# My Man Cave



## Les Brock (Apr 18, 2012)

Well here goes nothing,

Set up more for building than cleaning/detailing at the moment, so emptying it out, paint the walls, paint the floor.....clean it up 









































































The compressor has been moved to the lean to, so thats out the way now :thumb: as has most of the big kit,

Finished the bit of painting , as you can see the sides are clear and space is starting appear,

need to finsh the 90 build ASAP to get it out of the way, but its a rolling chassis now



















Now I can clear it out, pics of the detailing stuff as it arrives and the clear out begins, moving all the tools boxes into nice brick built workshop behind, which is now alarmed and CCTV'd :lol:

leaving a nice clear garage

Regards

Les


----------



## The Cueball (Feb 8, 2007)

Nice :argie:

Proper man cave there.... :lol:

:thumb:


----------



## Phil H (May 14, 2006)

very nice mate, nice tool boxes


----------



## PootleFlump (Jan 1, 2006)

Nice man cave, some good tools and storage and less ladies cleaning goods.


----------



## cobra (Feb 18, 2012)

very nice good luck with the landy - looks like a great job galv chassis and all!


----------



## Les Brock (Apr 18, 2012)

Thought I'd best bring this up to date.....

Pics on first post are missing  so here they are again :lol:









Sooo.......after a 3 year build this is finally built and finished, straight through the MOT.

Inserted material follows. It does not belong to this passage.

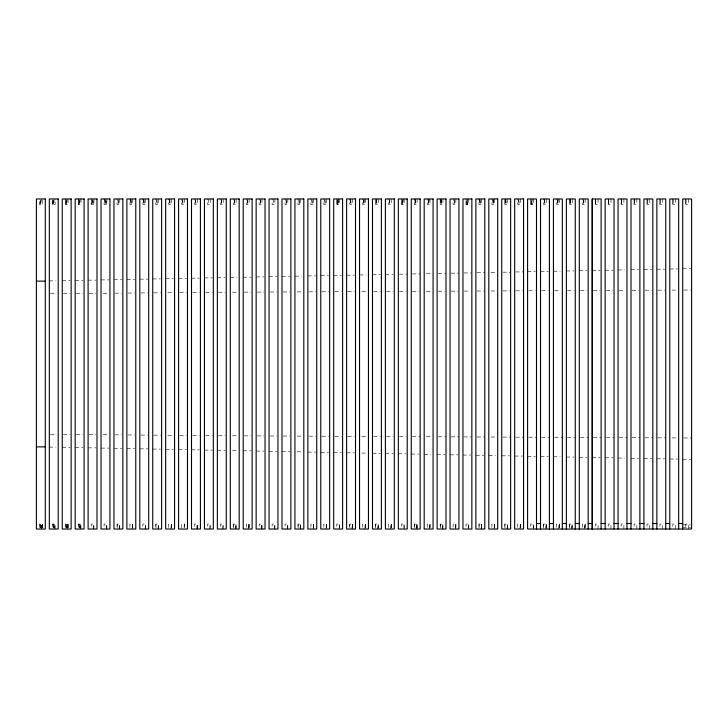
<?xml version="1.0" encoding="UTF-8"?>
<svg xmlns="http://www.w3.org/2000/svg" width="728" height="728" viewBox="0 0 728 728"><rect width="100%" height="100%" fill="white"/><g stroke="black" fill="none" stroke-linecap="round" stroke-linejoin="round"><path stroke-width="0.55" stroke-dasharray="3.64 2.73" d="M235.927 528.028L235.936 524.051L235.544 529.029M248.849 528.028L248.858 524.051L248.476 529.029M300.555 528.028L300.564 524.051L300.173 529.029M313.486 528.028L313.495 524.051L313.104 529.029M339.339 528.028L339.348 524.051M352.261 528.028L352.27 524.051L351.879 529.029M378.114 528.028L378.123 524.051L377.732 529.029M403.967 528.028L403.976 524.051M416.889 528.028L416.898 524.051L416.507 529.029M442.742 528.028L442.751 524.051L442.36 529.029M468.595 528.028L468.605 524.051M481.526 528.028L481.536 524.051L481.144 529.029M507.37 528.028L507.38 524.051L506.997 529.029M533.224 528.028L533.233 524.051M546.155 528.028L546.164 524.051L545.773 529.029M572.008 528.028L572.017 524.051L571.626 529.029M93.748 204.495L93.766 198.972M106.67 204.495L106.688 198.972M42.206 528.028L42.224 524.051L39.467 524.051L39.467 528.028M68.059 528.028L68.077 524.051L65.32 524.051L65.32 528.028M40.158 204.495L40.195 198.972M53.08 204.495L53.126 198.972M66.011 204.495L66.048 198.972M78.933 204.495L78.97 198.972M117.153 528.028L117.208 524.051M155.938 528.028L155.983 524.051M233.488 528.028L233.542 524.051M298.125 528.028L298.171 524.051M349.822 528.028L349.877 524.051M375.675 528.028L375.73 524.051M414.459 528.028L414.505 524.051M440.313 528.028L440.358 524.051M479.088 528.028L479.142 524.051M504.941 528.028L504.995 524.051M543.716 528.028L543.77 524.051M569.569 528.028L569.624 524.051M339.53 198.972L339.53 204.495L336.764 204.495L336.864 200.082M378.305 198.972L378.305 204.495L375.548 204.495L375.639 200.082M404.158 198.972L404.158 204.495L401.401 204.495L401.492 200.082M442.933 198.972L442.933 204.495L440.176 204.495L440.276 200.082M468.786 198.972L468.786 204.495L466.029 204.495L466.129 200.082M507.571 198.972L507.571 204.495L504.804 204.495L504.904 200.082M533.424 198.972L533.424 204.495L530.657 204.495L530.758 200.082M572.199 198.972L572.199 204.495L569.442 204.495L569.533 200.082M132.614 528.028L132.714 524.051L129.948 524.051L129.948 528.028M171.389 528.028L171.489 524.051L168.723 524.051L168.723 528.028M181.654 528.028L181.654 524.051L184.412 524.051L183.838 529.029M248.949 528.028L249.049 524.051L246.282 524.051L246.282 528.028M313.577 528.028L313.677 524.051L310.911 524.051L310.911 528.028M326.508 528.028L326.599 524.051L323.842 524.051L323.842 528.028M365.283 528.028L365.383 524.051L362.617 524.051L362.617 528.028M391.136 528.028L391.236 524.051L388.47 524.051L388.47 528.028M429.911 528.028L430.011 524.051L427.254 524.051L427.254 528.028M455.764 528.028L455.865 524.051L453.098 524.051L453.098 528.028M494.549 528.028L494.64 524.051L491.882 524.051L491.882 528.028M520.402 528.028L520.493 524.051L517.735 524.051L517.735 528.028M559.177 528.028L559.277 524.051L556.51 524.051L556.51 528.028M585.03 528.028L585.121 524.051L582.364 524.051L582.364 528.028M337.455 204.495L337.628 200.082M402.084 204.495L402.256 200.082M466.721 204.495L466.885 200.082L467.412 204.495L467.958 198.972M531.349 204.495L531.522 200.082L532.041 204.495L532.596 198.972M40.604 528.028L40.85 524.051L41.478 529.029M53.535 528.028L53.772 524.051L54.4 529.029M66.457 528.028L66.703 524.051L67.331 529.029M79.388 528.028L79.625 524.051L80.253 529.029M41.269 198.972L40.85 204.495L40.368 200.082M54.2 198.972L53.772 204.495L53.29 200.082M67.122 198.972L66.703 204.495L66.221 200.082M80.053 198.972L79.625 204.495L79.143 200.082M93.357 529.029L93.748 524.051M106.288 529.029L106.67 524.051M119.21 529.029L119.601 524.051M132.132 529.029L132.523 524.051M145.063 529.029L145.454 524.051M157.985 529.029L158.376 524.051M170.916 529.029L171.308 524.051M196.769 529.029L197.161 524.051L197.279 529.029M209.691 529.029L210.083 524.051M222.622 529.029L223.005 524.051M261.398 529.029L261.789 524.051L261.907 529.029M274.32 529.029L274.711 524.051M287.251 529.029L287.642 524.051M326.026 529.029L326.417 524.051M364.81 529.029L365.192 524.051M390.663 529.029L391.045 524.051M429.438 529.029L429.829 524.051M455.291 529.029L455.683 524.051M494.066 529.029L494.458 524.051M519.919 529.029L520.311 524.051M558.695 529.029L559.086 524.051M584.548 529.029L584.939 524.051M337.665 200.082L338.147 204.495L338.702 198.972M363.518 200.082L364 204.495L364.555 198.972M402.302 200.082L402.775 204.495L403.33 198.972M428.155 200.082L428.628 204.495L429.183 198.972M492.783 200.082L493.265 204.495L493.812 198.972M557.411 200.082L557.894 204.495L558.44 198.972M682.709 268.714L690.49 268.714M669.778 268.96L677.559 268.96M656.856 269.205L664.637 269.205M643.925 269.46L651.706 269.46M631.003 269.706L638.784 269.706M618.072 269.952L624.742 269.952M605.15 270.206L612.93 270.206M592.228 270.452L600.009 270.452M579.297 270.698L587.077 270.698M566.375 270.952L574.155 270.952M553.444 271.198L560.114 271.198M540.522 271.444L548.302 271.444M527.591 271.699L535.371 271.699M515.779 271.944L523.559 271.944M502.848 272.19L510.637 272.19M491.036 272.436L495.486 272.436M477.004 272.691L484.784 272.691M464.073 272.936L471.853 272.936M451.151 273.182L458.931 273.182M438.22 273.437L446 273.437M426.408 273.683L430.858 273.683M412.366 273.928L420.147 273.928M399.445 274.183L407.225 274.183M385.403 274.429L393.184 274.429M372.481 274.674L380.262 274.674M359.55 274.929L366.22 274.929M346.628 275.175L354.409 275.175M333.697 275.421L341.487 275.421M320.775 275.675L328.555 275.675M307.853 275.921L315.634 275.921M294.922 276.167L301.592 276.167M282 276.422L289.78 276.422M269.069 276.667L276.849 276.667M256.147 276.913L263.927 276.913M243.216 277.159L250.996 277.159M230.294 277.414L236.964 277.414M217.363 277.659L225.152 277.659M204.441 277.905L212.221 277.905M191.51 278.16L199.299 278.16M178.588 278.405L186.368 278.405M165.666 278.651L173.446 278.651M152.734 278.906L160.515 278.906M139.812 279.152L147.593 279.152M126.881 279.397L134.662 279.397M113.959 279.652L121.74 279.652M101.028 279.898L108.809 279.898M88.106 280.144L95.887 280.144M75.175 280.398L82.965 280.398M62.253 280.644L70.034 280.644M49.322 280.89L55.992 280.89M683.82 290.026L690.49 290.026M657.966 290.154L664.637 290.154M672.008 290.09L677.559 290.09M619.191 290.336L624.742 290.336M632.113 290.272L638.784 290.272M645.035 290.217L651.706 290.217M593.338 290.463L600.009 290.463M606.26 290.399L612.93 290.399M567.485 290.59L574.155 290.59M580.407 290.527L587.077 290.527M528.701 290.772L535.371 290.772M541.632 290.709L548.302 290.709M554.554 290.645L560.114 290.645M502.848 290.9L509.518 290.9M515.779 290.836L522.449 290.836M464.027 291.082L469.378 291.082M477.004 291.027L483.674 291.027M491.036 290.963L495.486 290.963M438.22 291.209L444.89 291.209M451.151 291.145L457.821 291.145M399.445 291.4L406.115 291.4M412.366 291.337L419.037 291.337M426.408 291.273L430.858 291.273M373.591 291.519L380.262 291.519M386.513 291.455L393.184 291.455M334.816 291.71L341.487 291.71M347.738 291.646L354.409 291.646M361.78 291.582L366.22 291.582M308.963 291.828L315.634 291.828M321.885 291.773L328.555 291.773M283.11 291.955L289.78 291.955M297.142 291.892L301.592 291.892M244.326 292.146L250.996 292.146M257.257 292.083L263.927 292.083M270.179 292.019L276.849 292.019M218.482 292.265L225.152 292.265M232.514 292.201L236.964 292.201M205.551 292.365L212.221 292.365M179.698 292.583L186.368 292.583M192.629 292.474L199.299 292.474M167.886 292.702L173.446 292.702M153.845 292.811L160.515 292.811M127.992 293.038L134.662 293.038M140.923 292.92L147.593 292.92M115.07 293.147L121.74 293.147M89.216 293.375L95.887 293.375M103.258 293.266L108.809 293.266M76.294 293.484L82.965 293.484M63.363 293.602L70.034 293.602M50.441 293.712L55.992 293.712M50.441 434.288L55.992 434.288M63.363 434.398L70.034 434.398M76.294 434.516L82.965 434.516M89.216 434.625L95.887 434.625M103.258 434.734L108.809 434.734M115.07 434.853L121.74 434.853M127.992 434.962L134.662 434.962M140.923 435.08L147.593 435.08M153.845 435.189L160.515 435.189M167.886 435.299L173.446 435.299M179.698 435.417L186.368 435.417M192.629 435.526L199.299 435.526M205.551 435.635L212.221 435.635M218.482 435.735L225.152 435.735M232.514 435.799L236.964 435.799M244.326 435.854L250.996 435.854M257.257 435.917L263.927 435.917M270.179 435.981L276.849 435.981M283.11 436.045L289.78 436.045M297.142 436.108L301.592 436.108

Yes all built up in a single concrete section Garage, yes it was tight, yes there was lots of swearing but I did it !











so this weekend the clear up starts, clear out, walls to paint, floor to paint, new shelving etc, so the ST can go back in there after living outside for the last few year so need a pamper :buffer:

Will update pics over the coming weeks with the progress, hopefully it will be a bit faster the the Defender took to rebuild !!

thanks for looking

Les


----------



## Clancy (Jul 21, 2013)

that defender is awsome! great work bud


----------



## Ducky (Mar 19, 2007)

Loving the Defender dude!


----------



## Yoghurtman (Dec 9, 2008)

Nice garage but the defender looks really tough :thumb:


----------



## transtek (Mar 2, 2007)

That looks amazing. Have you got more photos/info, maybe for a project thread in the projects section?


----------



## trv8 (Dec 30, 2007)

Proper man cave with a proper man truck.


----------



## Les Brock (Apr 18, 2012)

transtek said:


> That looks amazing. Have you got more photos/info, maybe for a project thread in the projects section?


Loads of pics of the build, but never bothered putting them up on a thread as its not really a polished shiney :lol: , that the Focus, now this is outside I can sort the garage but will put one up if enough interest


----------



## Dode (Jun 13, 2013)

Well done, looks great


----------



## 20vKarlos (Aug 8, 2009)

Well that's a cracking build! 

I look forward to seeing your cave's revamp!


----------



## Les Brock (Apr 18, 2012)

All cleared out last weekend







First coat on





Currenty on its 3 coat.

Floor painted around the outside twice


----------



## Les Brock (Apr 18, 2012)

Finished for the mo....excuse the boxes of car bits waiting for the car to come back from garage and sorting out stuff ready to go on !!





And my Monster drinks, used as a wax fridge at night lol


----------



## Kev.O (Dec 10, 2015)

Love the defender!


----------



## Les Brock (Apr 18, 2012)

Thank you, Keeps me out of the house


----------



## Palmer02 (Jul 7, 2012)

Nice job

Where did you get the monster fridge?
Been trying to get one myself


----------